The closest such thing at Fishers’ Loft Inn is a Muskoka chair on the lawn, a woolly afghan to keep out the evening chill, a pair of John and Peggy’s binoculars, a snifter of good brandy and a star-sprinkled night sky that stretches out beyond the cove and across the sea.
Here in Port Rexton, on the south coast of Newfoundland’s Bonavista Peninsula, there’s not much else to do after the sun disappears.
Sure, there’s always some production down the road in Trinity, where the Rising Tide Theatre company performs in a replica fishing premises on the wharf.
But a better option is to stay put at the inn, repair to the living room, choose a book from the intelligent collection that lines the far wall, stake out a wing chair and order up a tea tray or something rich and red from the Fishers’ wine list.
It may be delivered by John and Peggy themselves, in which case a stimulating conversation is all but guaranteed, or by evening manager Roxane, who, as a Rex, is a descendant of one of the first settlers in the community (thus Port Rexton.)
The Fishers have staffed their inn with locals, people who understand and cherish the culture, history and way of life. Most have been with the Fishers long enough to be considered lifers.
All of them are descended from English settlers who arrived in the 18th century - the evening cook is a 10th generation Newfoundlander.
Some have been “away,” but were pulled home by the powerful magnetic force of The Rock.
(As local tourism rep Betsy Saunders says: “Newfoundlanders are tied here forever. They could be gone for 30 years and they still call this home. Their heart is always here. And if your heart is here, why be anywhere else?”)

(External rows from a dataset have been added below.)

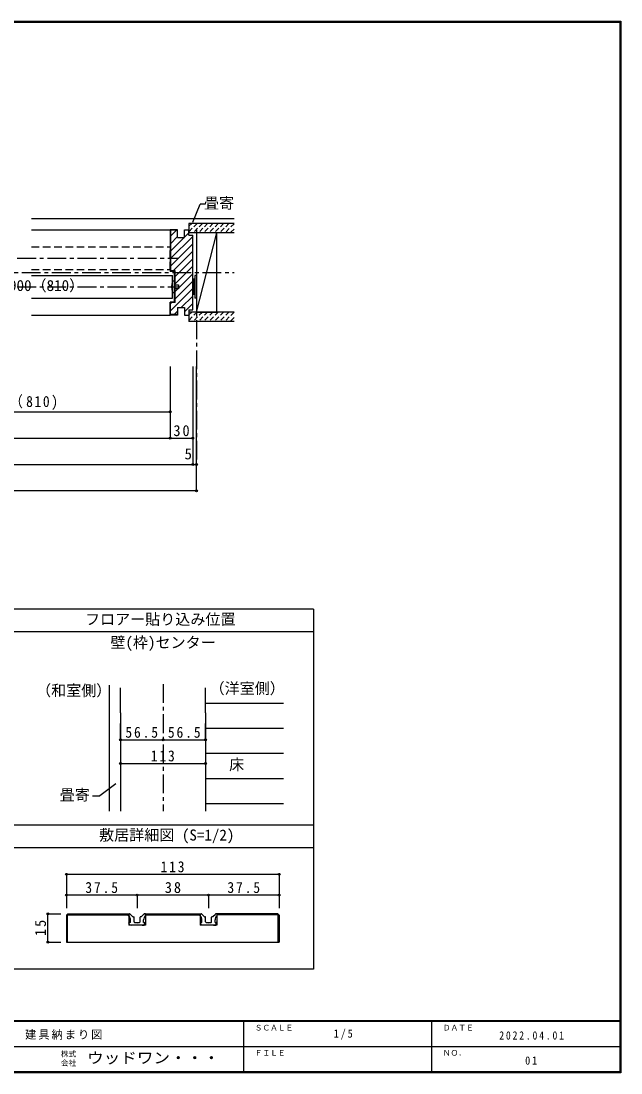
# Model space of a CAD drawing. Units: millimetres at full size, sheet at 1:5, with parts at other scales. Extents: x -973 to 977, y -701 to 696.
# Drawn here: x 180 to 977, y -701 to 696 of the extents above; entities that cross this region are included whole.
import ezdxf
from ezdxf.enums import TextEntityAlignment as Align

# ---------------------------------------------------------------- set-up
doc = ezdxf.new("R2010")
doc.units = ezdxf.units.MM
doc.header["$LTSCALE"] = 5
doc.header["$PDMODE"] = 32
doc.header["$PDSIZE"] = 2.5
for name, pattern in [('CHAIN1', [8, 5, -1, 1, -1]), ('DASHED1', [1.8, 1.2, -0.6]), ('DASHED2', [3, 2, -1])]:
    doc.linetypes.add(name, pattern=pattern)
for name, color, linetype in [('0-1_通り芯', 4, 'CHAIN1'), ('0-2_柱', 7, 'Continuous'), ('0-3_仕上げ', 2, 'Continuous'), ('0-4_枠', 3, 'Continuous'), ('0-6_扉', 6, 'Continuous'), ('0-7_金物', 7, 'Continuous'), ('0-A_文字', 7, 'Continuous'), ('0-B_寸法', 7, 'Continuous'), ('0-C_ハッチ', 4, 'Continuous'), ('1-4_枠', 3, 'Continuous'), ('1-7_金物', 7, 'Continuous'), ('1-B_寸法', 7, 'Continuous'), ('F-0_補助線', 7, 'Continuous'), ('F-1_枠', 6, 'Continuous'), ('F-A_文字', 7, 'Continuous')]:
    doc.layers.add(name, color=color, linetype=linetype)
doc.styles.add('ＭＳ ゴシック', font='')
doc.styles.get('ＭＳ ゴシック').set_extended_font_data('MS Gothic')

msp = doc.modelspace()

# ---------------------------------------------------------------- linework, layer by layer
at = {"layer": '0-1_通り芯'}
for p, q in [((412.672, 418.494), (412.672, 106.994)), ((-385.366, 380.994), (388.672, 380.994)), ((-459.366, 361.994), (462.672, 361.994)), ((-385.366, 342.994), (388.672, 342.994)), ((368.32, -184.538), (368.32, -353.025))]:
    msp.add_line(p, q, dxfattribs=at)
at = {"layer": '0-2_柱'}
for p, q in [((412.672, 414.494), (412.672, 309.494)), ((439.672, 414.494), (412.672, 414.494)), ((412.672, 309.494), (439.672, 414.494)), ((439.672, 309.494), (439.672, 414.494)), ((412.672, 309.494), (439.672, 309.494))]:
    msp.add_line(p, q, dxfattribs=at)
at = {"layer": '0-3_仕上げ'}
for p, q in [((193.667, 433.494), (462.672, 433.494)), ((462.672, 426.994), (402.672, 426.994)), ((402.672, 426.994), (402.672, 414.494)), ((462.672, 414.494), (402.672, 414.494)), ((462.672, 309.494), (402.672, 309.494)), ((402.672, 309.494), (402.672, 296.994)), ((462.672, 296.994), (402.672, 296.994)), ((296.82, -186.073), (296.82, -353.025))]:
    msp.add_line(p, q, dxfattribs=at)
at = {"layer": '0-3_仕上げ', "color": 4}
for p, q in [((424.82, -209.819), (528.32, -209.819)), ((424.82, -243.121), (528.32, -243.121)), ((424.82, -276.422), (528.32, -276.422)), ((424.82, -309.723), (528.32, -309.723)), ((424.82, -343.025), (528.32, -343.025))]:
    msp.add_line(p, q, dxfattribs=at)
at = {"layer": '0-4_枠', "color": 4}
for p, q in [((193.667, 418.494), (377.672, 418.494)), ((193.667, 305.494), (377.672, 305.494))]:
    msp.add_line(p, q, dxfattribs=at)
at = {"layer": '0-4_枠'}
for p, q in [((387.672, 418.494), (377.672, 418.494)), ((377.672, 418.494), (377.672, 363.494)), ((387.672, 417.994), (378.172, 417.994)), ((378.172, 417.994), (378.172, 363.994)), ((387.672, 408.494), (387.672, 418.494)), ((387.672, 408.494), (396.672, 408.494)), ((396.672, 408.494), (396.672, 418.494)), ((396.672, 418.494), (402.672, 418.494)), ((402.672, 411.494), (402.672, 418.494)), ((402.672, 411.494), (407.672, 411.494)), ((407.672, 312.494), (407.672, 411.494)), ((383.672, 363.494), (377.672, 363.494)), ((384.172, 363.994), (378.172, 363.994)), ((383.672, 322.494), (383.672, 363.494)), ((384.172, 321.994), (384.172, 363.994)), ((377.672, 305.494), (377.672, 322.494)), ((383.672, 322.494), (377.672, 322.494)), ((378.172, 305.994), (378.172, 321.994)), ((384.172, 321.994), (378.172, 321.994)), ((387.672, 315.494), (387.672, 305.494)), ((387.672, 315.494), (396.672, 315.494)), ((396.672, 315.494), (396.672, 305.494)), ((402.672, 312.494), (407.672, 312.494)), ((402.672, 312.494), (402.672, 305.494)), ((387.672, 305.494), (377.672, 305.494)), ((387.672, 305.994), (378.172, 305.994)), ((396.672, 305.494), (402.672, 305.494)), ((311.82, -222.697), (311.82, -189.424)), ((424.82, -222.697), (424.82, -189.424)), ((311.82, -222.697), (311.82, -353.025)), ((424.82, -222.697), (424.82, -353.025))]:
    msp.add_line(p, q, dxfattribs=at)
at = {"layer": '0-6_扉', "color": 2, "linetype": 'DASHED2'}
for p, q in [((193.667, 395.994), (377.672, 395.994)), ((377.672, 365.994), (377.672, 395.994)), ((193.667, 365.994), (377.672, 365.994))]:
    msp.add_line(p, q, dxfattribs=at)
at = {"layer": '0-6_扉'}
for p, q in [((193.658, 357.994), (380.672, 357.994)), ((380.672, 327.994), (380.672, 357.994)), ((193.658, 327.994), (380.672, 327.994))]:
    msp.add_line(p, q, dxfattribs=at)
at = {"layer": '0-7_金物'}
for p, q in [((383.672, 350.494), (380.672, 350.494)), ((383.672, 335.494), (383.672, 350.494)), ((408.672, 351.926), (407.665, 351.926)), ((410.672, 352.926), (408.672, 352.926)), ((408.672, 352.926), (408.672, 332.926)), ((410.672, 357.926), (410.672, 327.926)), ((412.672, 357.926), (410.672, 357.926)), ((412.672, 357.926), (412.672, 327.926)), ((380.672, 335.494), (383.672, 335.494)), ((383.672, 345.494), (388.672, 345.494)), ((388.672, 340.494), (383.672, 340.494)), ((388.672, 345.494), (388.672, 340.494)), ((408.672, 333.926), (407.665, 333.926)), ((410.672, 332.926), (408.672, 332.926)), ((412.672, 327.926), (410.672, 327.926))]:
    msp.add_line(p, q, dxfattribs=at)
msp.add_arc((408.297, 342.994), 28.625, 164.81071, 195.18929, dxfattribs=at)
at = {"layer": '0-A_文字'}
for p, q in [((407.709, 428.754), (417.672, 452.475)), ((424.266, 452.475), (417.672, 452.475)), ((305.32, -317.033), (284.24, -332.843)), ((274.395, -332.843), (284.24, -332.843))]:
    msp.add_line(p, q, dxfattribs=at)
at = {"layer": '0-A_文字', "color": 3}
for p, q in [((568.32, -85.141), (168.32, -85.141)), ((568.32, -115.141), (168.32, -115.141)), ((568.32, -371.667), (168.32, -371.667)), ((168.32, -401.667), (568.32, -401.667))]:
    msp.add_line(p, q, dxfattribs=at)
msp.add_lwpolyline([(568.32, -85.141), (568.32, -563.141), (168.32, -563.141)], dxfattribs=at)
at = {"layer": '0-B_寸法', "color": 4}
for p, q in [((377.672, 236.994), (377.672, 141.994)), ((407.672, 236.994), (407.672, 106.994)), ((412.672, 71.994), (412.672, 236.994)), ((-16.356, 176.994), (377.672, 176.994)), ((-404.366, 141.994), (407.672, 141.994)), ((-409.366, 106.994), (412.672, 106.994)), ((412.672, 71.994), (-409.366, 71.994)), ((311.82, -258.476), (311.82, -236.956)), ((424.82, -258.476), (424.82, -236.956)), ((311.82, -258.476), (368.32, -258.476)), ((368.32, -258.476), (424.82, -258.476)), ((311.82, -289.86), (424.82, -289.86))]:
    msp.add_line(p, q, dxfattribs=at)
at = {"layer": '0-B_寸法'}
for p in [(377.672, 176.994), (377.672, 141.994), (407.672, 141.994), (407.672, 106.994), (412.672, 106.994), (412.672, 71.994), (311.82, -258.476), (368.32, -258.476), (424.82, -258.476), (311.82, -289.86), (424.82, -289.86)]:
    msp.add_point(p, dxfattribs=at)
at = {"layer": '0-C_ハッチ', "linetype": 'DASHED1'}
for p, q in [((406.322, 426.994), (402.672, 423.344)), ((413.393, 426.994), (402.672, 416.273)), ((420.464, 426.994), (407.964, 414.494)), ((427.535, 426.994), (415.035, 414.494)), ((434.606, 426.994), (422.106, 414.494)), ((441.677, 426.994), (429.177, 414.494)), ((448.748, 426.994), (436.248, 414.494)), ((455.819, 426.994), (443.319, 414.494)), ((462.672, 426.776), (450.39, 414.494)), ((462.672, 419.705), (457.461, 414.494)), ((406.322, 309.494), (402.672, 305.844)), ((413.393, 309.494), (402.672, 298.773)), ((420.464, 309.494), (407.964, 296.994)), ((427.535, 309.494), (415.035, 296.994)), ((434.606, 309.494), (422.106, 296.994)), ((441.677, 309.494), (429.177, 296.994)), ((448.748, 309.494), (436.248, 296.994)), ((455.819, 309.494), (443.319, 296.994)), ((462.672, 309.276), (450.39, 296.994)), ((462.672, 302.205), (457.461, 296.994))]:
    msp.add_line(p, q, dxfattribs=at)
at = {"layer": '0-C_ハッチ'}
for p, q in [((386.063, 417.994), (378.172, 410.103)), ((407.672, 409.905), (378.172, 380.405)), ((387.672, 409.704), (378.172, 400.204)), ((396.362, 408.494), (378.172, 390.304)), ((402.672, 414.804), (396.672, 408.804)), ((407.672, 400.005), (378.172, 370.505)), ((407.672, 390.106), (381.56, 363.994)), ((407.672, 380.206), (384.172, 356.706)), ((407.672, 370.307), (384.172, 346.807)), ((407.672, 360.407), (384.172, 336.907)), ((407.672, 350.508), (384.172, 327.008)), ((407.672, 340.608), (378.172, 311.108)), ((379.158, 321.994), (378.172, 321.008)), ((407.672, 330.709), (392.457, 315.494)), ((387.672, 310.709), (382.957, 305.994)), ((407.672, 320.809), (396.672, 309.809)), ((402.672, 305.91), (402.256, 305.494))]:
    msp.add_line(p, q, dxfattribs=at)
at = {"layer": '1-4_枠'}
for p, q in [((239.998, -491.363), (241.766, -489.595)), ((239.998, -491.363), (239.998, -527.095)), ((241.248, -490.845), (322.748, -490.845)), ((241.248, -527.095), (241.248, -490.845)), ((241.766, -489.595), (322.748, -489.595)), ((322.748, -489.595), (322.748, -504.595)), ((344.748, -489.595), (417.748, -489.595)), ((344.748, -489.595), (344.748, -504.595)), ((344.748, -490.845), (417.748, -490.845)), ((417.748, -489.595), (417.748, -504.595)), ((439.748, -489.595), (439.748, -504.595)), ((520.73, -489.595), (439.748, -489.595)), ((521.248, -490.845), (439.748, -490.845)), ((520.73, -489.595), (522.498, -491.363)), ((521.248, -527.095), (521.248, -490.845)), ((522.498, -491.363), (522.498, -527.095)), ((344.748, -504.595), (322.748, -504.595)), ((439.748, -504.595), (417.748, -504.595)), ((239.998, -527.095), (522.498, -527.095))]:
    msp.add_line(p, q, dxfattribs=at)
at = {"layer": '1-7_金物'}
for p, q in [((324.998, -500.845), (323.498, -500.845)), ((327.903, -493.125), (324.739, -489.961)), ((324.998, -500.845), (324.998, -497.685)), ((328.434, -493.345), (329.248, -493.345)), ((329.748, -500.095), (329.748, -493.845)), ((330.498, -500.845), (332.998, -500.845)), ((332.998, -500.845), (333.748, -501.595)), ((333.748, -501.595), (334.498, -500.845)), ((334.498, -500.845), (336.998, -500.845)), ((337.748, -500.095), (337.748, -493.845)), ((339.062, -493.345), (338.248, -493.345)), ((339.593, -493.125), (342.757, -489.961)), ((342.498, -500.845), (342.498, -497.685)), ((342.498, -500.845), (343.998, -500.845)), ((343.248, -504.595), (344.463, -501.529)), ((344.998, -489.595), (343.641, -489.595)), ((344.998, -492.095), (344.998, -489.595)), ((419.998, -500.845), (418.498, -500.845)), ((422.903, -493.125), (419.739, -489.961)), ((419.998, -500.845), (419.998, -497.685)), ((423.434, -493.345), (424.248, -493.345)), ((424.748, -500.095), (424.748, -493.845)), ((425.498, -500.845), (427.998, -500.845)), ((427.998, -500.845), (428.748, -501.595)), ((428.748, -501.595), (429.498, -500.845)), ((429.498, -500.845), (431.998, -500.845)), ((432.748, -500.095), (432.748, -493.845)), ((434.062, -493.345), (433.248, -493.345)), ((434.593, -493.125), (437.757, -489.961)), ((437.498, -500.845), (437.498, -497.685)), ((437.498, -500.845), (438.998, -500.845)), ((438.248, -504.595), (439.463, -501.529)), ((439.998, -489.595), (438.641, -489.595)), ((439.998, -492.095), (439.998, -489.595)), ((339.498, -504.595), (327.998, -504.595)), ((339.998, -504.095), (339.498, -504.595)), ((340.498, -504.595), (339.998, -504.095)), ((340.498, -504.595), (343.248, -504.595)), ((434.498, -504.595), (422.998, -504.595)), ((434.998, -504.095), (434.498, -504.595)), ((435.498, -504.595), (434.998, -504.095)), ((435.498, -504.595), (438.248, -504.595))]:
    msp.add_line(p, q, dxfattribs=at)
for points in [[(322.498, -492.095), (322.498, -489.595), (323.855, -489.595)], [(326.998, -504.595), (324.248, -504.595), (323.033, -501.529)], [(417.498, -492.095), (417.498, -489.595), (418.855, -489.595)], [(421.998, -504.595), (419.248, -504.595), (418.033, -501.529)], [(326.998, -504.595), (327.498, -504.095), (327.998, -504.595)], [(421.998, -504.595), (422.498, -504.095), (422.998, -504.595)]]:
    msp.add_lwpolyline(points, dxfattribs=at)
for centre, radius, start, end in [((317.498, -497.685), 7.5, 0, 48.19), ((323.498, -501.345), 0.5, 90, 201.616), ((323.855, -490.845), 1.25, 45, 90), ((328.434, -492.595), 0.75, 225, 270), ((329.248, -493.845), 0.5, 0, 90), ((330.498, -500.095), 0.75, 180, 270), ((336.998, -500.095), 0.75, 270, 0), ((338.248, -493.845), 0.5, 90, 180), ((339.062, -492.595), 0.75, 270, 315), ((349.998, -497.685), 7.5, 131.81, 180), ((343.641, -490.845), 1.25, 90, 135), ((343.998, -501.345), 0.5, 338.384, 90), ((412.498, -497.685), 7.5, 0, 48.19), ((418.498, -501.345), 0.5, 90, 201.616), ((418.855, -490.845), 1.25, 45, 90), ((423.434, -492.595), 0.75, 225, 270), ((424.248, -493.845), 0.5, 0, 90), ((425.498, -500.095), 0.75, 180, 270), ((431.998, -500.095), 0.75, 270, 0), ((433.248, -493.845), 0.5, 90, 180), ((434.062, -492.595), 0.75, 270, 315), ((444.998, -497.685), 7.5, 131.81, 180), ((438.641, -490.845), 1.25, 90, 135), ((438.998, -501.345), 0.5, 338.384, 90)]:
    msp.add_arc(centre, radius, start, end, dxfattribs=at)
at = {"layer": '1-B_寸法', "color": 4}
for p, q in [((239.998, -437.095), (522.498, -437.095)), ((239.998, -437.095), (239.998, -482.095)), ((522.498, -437.095), (522.498, -482.095)), ((333.748, -464.595), (239.998, -464.595)), ((428.748, -464.595), (333.748, -464.595)), ((333.748, -464.595), (333.748, -482.095)), ((215.391, -527.095), (215.391, -489.595)), ((215.391, -489.595), (232.498, -489.595)), ((215.391, -527.095), (232.498, -527.095))]:
    msp.add_line(p, q, dxfattribs=at)
msp.add_lwpolyline([(522.498, -464.595), (428.748, -464.595), (428.748, -482.095)], dxfattribs=at)
at = {"layer": '1-B_寸法'}
for p in [(239.998, -437.095), (522.498, -437.095), (239.998, -464.595), (333.748, -464.595), (428.748, -464.595), (522.498, -464.595), (215.391, -489.595), (215.391, -527.095)]:
    msp.add_point(p, dxfattribs=at)
at = {"layer": 'F-1_枠'}
for p, q in [((-973.347, 695.833), (976.653, 695.833)), ((-973.347, 695), (976.653, 695)), ((-973.347, 694.167), (976.653, 694.167)), ((974.986, 695.833), (974.986, -700.833)), ((975.82, 695.833), (975.82, -700.833)), ((976.653, 695.833), (976.653, -700.833)), ((976.653, -631.667), (-973.347, -631.667)), ((976.653, -632.5), (-973.347, -632.5)), ((474.986, -632.5), (474.986, -699.167)), ((724.986, -632.5), (724.986, -699.167)), ((1.653, -665.833), (974.986, -665.834)), ((976.653, -699.167), (-973.347, -699.167)), ((976.653, -700), (-973.347, -700)), ((976.653, -700.833), (-973.347, -700.833))]:
    msp.add_line(p, q, dxfattribs=at)

# ---------------------------------------------------------------- texts
at = {"layer": '0-A_文字', "style": 'ＭＳ ゴシック'}
for s, p in [('畳寄', (422.672, 442.475)), ('フロアー貼り込み位置', (264.57, -110.141)), ('壁(枠)センター', (298.32, -140.98)), ('（洋室側）', (430.075, -201.913)), ('（和室側）', (199.58, -204.715)), ('床', (456.094, -303.073)), ('畳寄', (230.968, -343.284)), ('敷居詳細図 (S=1/2)', (283.32, -396.658))]:
    msp.add_text(s, height=14.66, dxfattribs=at).set_placement(p, align=Align.BOTTOM_LEFT)
at = {"layer": '0-B_寸法', "style": 'ＭＳ ゴシック'}
for s, p in [('ＤＷ＝900（810）', (103.667, 332.994)), ('5', (396.769, 109.494))]:
    msp.add_text(s, height=14.66, dxfattribs=at).set_placement(p, align=Align.BOTTOM_LEFT)
at = {"layer": '0-B_寸法', "char_height": 14.66, "attachment_point": 7, "style": 'ＭＳ ゴシック'}
for s, insert in [('\\T1.24;\\W0.9;900（810)', (130.667, 179.494)), ('\\T1.27;\\W0.95;30', (382.048, 144.494)), ('\\T1.28;\\W0.9;56.5', (318.195, -255.976)), ('\\T1.28;\\W0.9;56.5', (374.695, -255.976)), ('\\T1.27;\\W0.9;113', (352.07, -287.36))]:
    msp.add_mtext(s, dxfattribs=dict(at, insert=insert))
at = {"layer": '1-B_寸法', "char_height": 14.66, "attachment_point": 7, "style": 'ＭＳ ゴシック'}
for s, insert in [('\\T1.27;\\W0.9;113', (364.998, -434.595)), ('\\T1.28;\\W0.9;37.5', (264.998, -462.095)), ('\\T1.27;\\W0.95;38', (370.623, -462.095)), ('\\T1.28;\\W0.9;37.5', (453.748, -462.095))]:
    msp.add_mtext(s, dxfattribs=dict(at, insert=insert))
at = {"layer": '1-B_寸法', "insert": (212.891, -518.97), "char_height": 14.66, "attachment_point": 7, "rotation": 90, "style": 'ＭＳ ゴシック'}
msp.add_mtext('\\T1.27;\\W0.95;15', dxfattribs=at)
at = {"layer": 'F-0_補助線', "insert": (184.986, -656.667), "char_height": 11, "attachment_point": 7, "style": 'ＭＳ ゴシック'}
msp.add_mtext('\\T1.17;建具納まり図', dxfattribs=at)
at = {"layer": 'F-A_文字', "style": 'ＭＳ ゴシック'}
for s, p in [('ＳＣＡＬＥ', (489.986, -646.667)), ('ＤＡＴＥ', (739.986, -646.667)), ('ＮＯ．', (739.986, -680.001)), ('株式', (232.486, -681.5)), ('会社', (232.486, -693.5)), ('ＦＩＬＥ', (489.986, -680))]:
    msp.add_text(s, height=7.331, dxfattribs=at).set_placement(p, align=Align.BOTTOM_LEFT)
at = {"layer": 'F-A_文字', "style": 'ＭＳ ゴシック', "width": 1.1}
msp.add_text('ウッドワン・・・', height=14.66, dxfattribs=at).set_placement((267.486, -692.5), align=Align.BOTTOM_LEFT)
at = {"layer": 'F-A_文字', "char_height": 11, "attachment_point": 7, "style": 'ＭＳ ゴシック'}
for s, insert in [('\\T1.38;\\W0.9;1/5', (594.986, -656.667)), ('\\T1.39;\\W0.85;2022.04.01', (814.986, -656.667)), ('\\T1.36;\\W0.9;01', (849.361, -690.001))]:
    msp.add_mtext(s, dxfattribs=dict(at, insert=insert))

doc.saveas('drawing.dxf')

Among the most senior staff, in dog years at least, is the amiable mutt Heike, a would-be yellow Lab who, by virtue of being short one limb (thanks to an encounter with a car), will always be known as “the three-legged dog.”
Despite their 17 years in the area, John and Peggy, too, will always carry a label - “from away.” She’s from Ottawa, he’s an Englishman. They met in Toronto when Peggy worked as John’s assistant on a restoration project at an 1850s courthouse on Adelaide Street.
In 1988, they were living in Peterborough with their two sons when John went to Grand Falls in Newfoundland’s interior on a consulting job. He called home: “You should come out here.”
Peggy packed up the boys, Luke, 6, and Gabriel, 8, and stayed at an inn in Trinity, where she’d be close to the sea. The family was so smitten with the place, they decided to buy a summer home there. They put an offer in on a humble fixer-upper, once a fisherman’s cottage, in Port Rexton.
“We bought the house at the end of March (1989),” recalls Peggy. “It was so grey, there was no view. We came back at the end of June with the kids, the car laden, and had the most wonderful carefree summer. Within a month, we’d decided we were going to move here permanently.
“We could hardly tear ourselves away to go back to Peterborough.”